--- Data to use Enclosed Below ---
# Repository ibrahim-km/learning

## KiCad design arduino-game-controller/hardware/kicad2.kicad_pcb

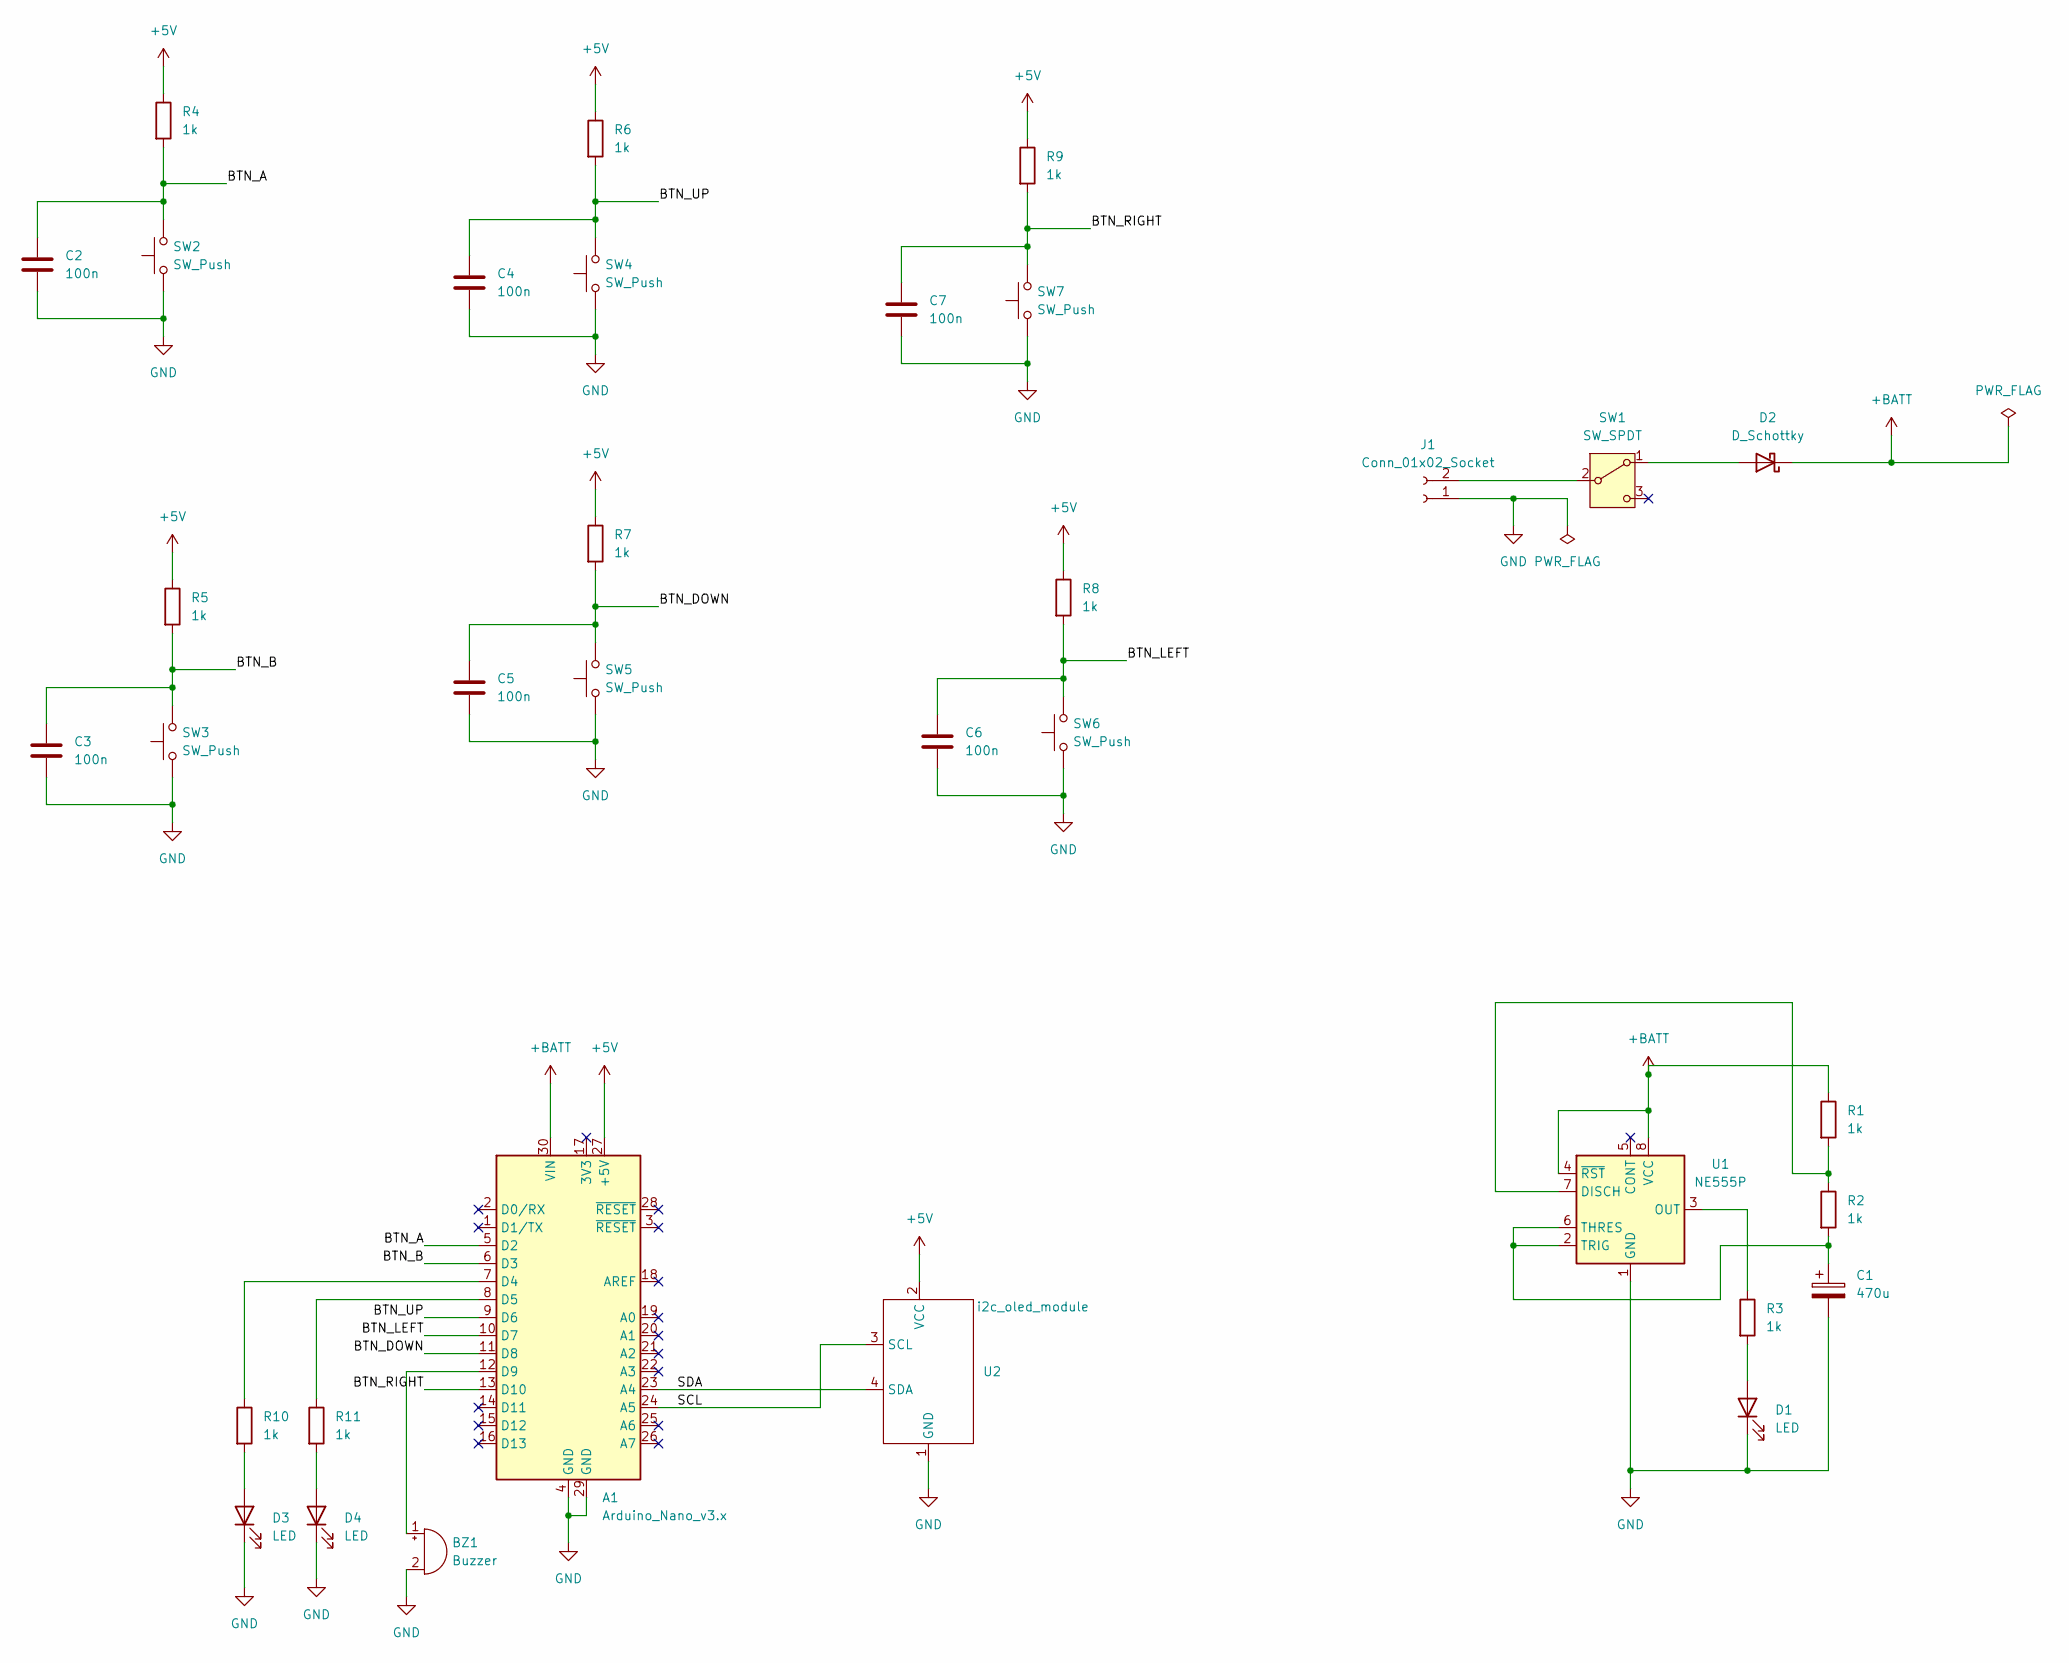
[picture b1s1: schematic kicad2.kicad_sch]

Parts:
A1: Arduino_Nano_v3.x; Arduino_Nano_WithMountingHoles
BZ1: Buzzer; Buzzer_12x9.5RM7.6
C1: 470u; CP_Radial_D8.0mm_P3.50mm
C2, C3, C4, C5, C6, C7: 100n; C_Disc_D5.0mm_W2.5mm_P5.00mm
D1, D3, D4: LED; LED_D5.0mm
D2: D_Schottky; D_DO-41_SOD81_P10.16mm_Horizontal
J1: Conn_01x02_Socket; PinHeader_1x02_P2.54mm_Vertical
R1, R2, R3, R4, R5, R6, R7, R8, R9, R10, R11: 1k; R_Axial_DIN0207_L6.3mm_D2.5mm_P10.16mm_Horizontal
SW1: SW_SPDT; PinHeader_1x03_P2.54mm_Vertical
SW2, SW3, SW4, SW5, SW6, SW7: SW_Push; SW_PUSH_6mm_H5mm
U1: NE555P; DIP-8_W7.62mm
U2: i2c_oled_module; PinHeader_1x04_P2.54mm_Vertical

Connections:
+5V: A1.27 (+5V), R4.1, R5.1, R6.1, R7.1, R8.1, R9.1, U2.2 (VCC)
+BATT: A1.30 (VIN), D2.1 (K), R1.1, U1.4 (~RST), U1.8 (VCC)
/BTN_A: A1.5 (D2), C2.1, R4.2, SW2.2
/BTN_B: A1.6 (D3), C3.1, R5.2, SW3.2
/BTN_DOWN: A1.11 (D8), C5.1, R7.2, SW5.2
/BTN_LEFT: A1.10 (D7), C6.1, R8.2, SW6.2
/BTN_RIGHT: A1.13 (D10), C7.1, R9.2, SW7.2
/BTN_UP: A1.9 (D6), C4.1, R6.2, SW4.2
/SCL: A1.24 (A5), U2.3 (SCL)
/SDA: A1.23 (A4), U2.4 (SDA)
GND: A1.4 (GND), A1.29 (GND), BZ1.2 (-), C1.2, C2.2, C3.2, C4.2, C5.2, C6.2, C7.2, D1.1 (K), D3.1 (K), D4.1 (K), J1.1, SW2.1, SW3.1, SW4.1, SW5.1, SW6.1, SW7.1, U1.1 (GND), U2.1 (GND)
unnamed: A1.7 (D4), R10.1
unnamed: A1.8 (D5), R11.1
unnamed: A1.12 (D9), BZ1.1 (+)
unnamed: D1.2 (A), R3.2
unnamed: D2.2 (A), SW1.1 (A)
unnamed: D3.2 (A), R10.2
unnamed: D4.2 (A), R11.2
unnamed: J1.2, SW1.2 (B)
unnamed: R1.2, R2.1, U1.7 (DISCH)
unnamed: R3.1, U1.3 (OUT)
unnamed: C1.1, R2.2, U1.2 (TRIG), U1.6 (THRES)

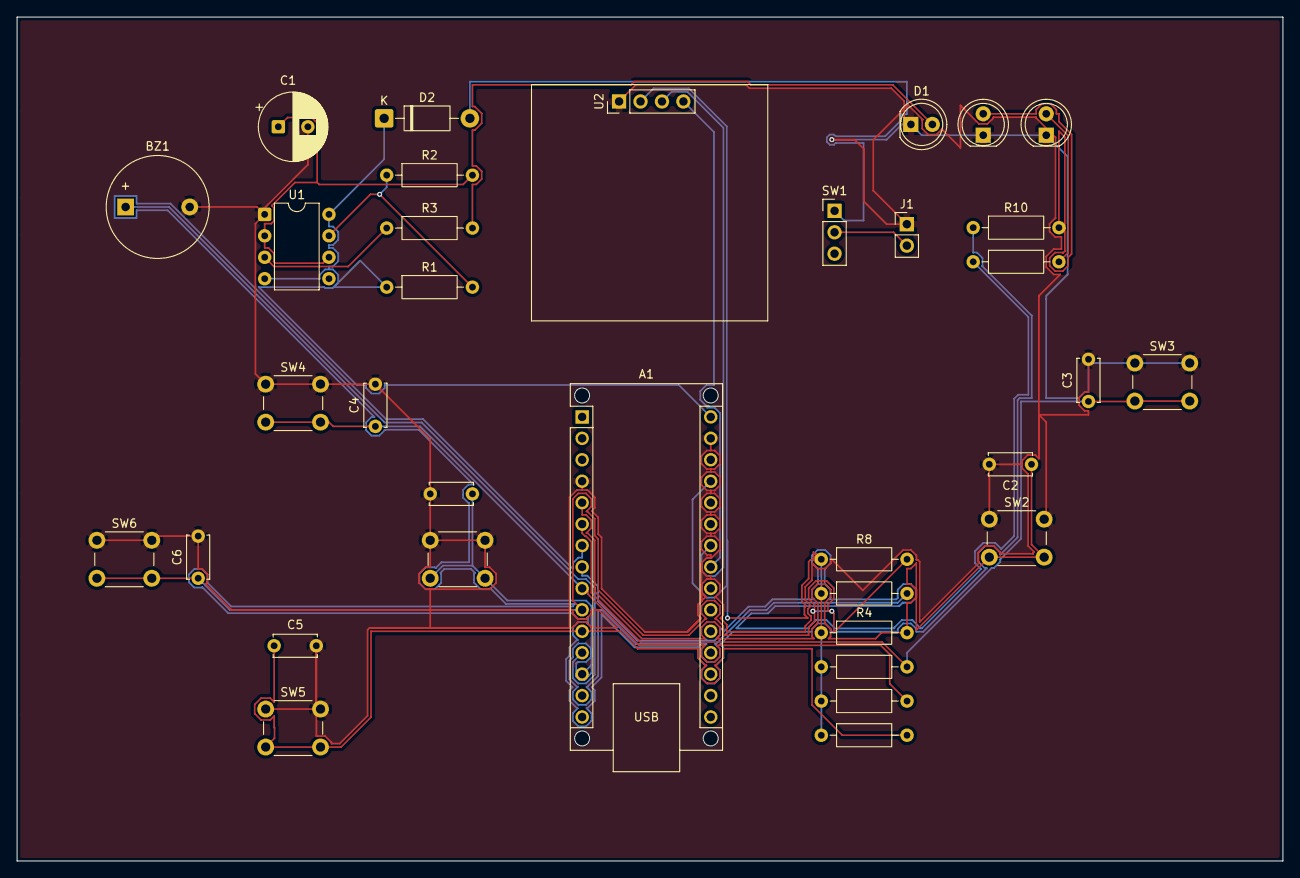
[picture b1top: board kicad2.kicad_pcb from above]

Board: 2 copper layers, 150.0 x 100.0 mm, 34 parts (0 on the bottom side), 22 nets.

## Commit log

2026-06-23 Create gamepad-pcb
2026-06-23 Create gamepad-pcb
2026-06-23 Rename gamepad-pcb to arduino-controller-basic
--- End of Enclosed Data to use ---
> _Exercise details_: Every line above that includes the word "picture" must appear in the answer.

> _Task solution_:
[picture b1s1: schematic kicad2.kicad_sch]
[picture b1top: board kicad2.kicad_pcb from above]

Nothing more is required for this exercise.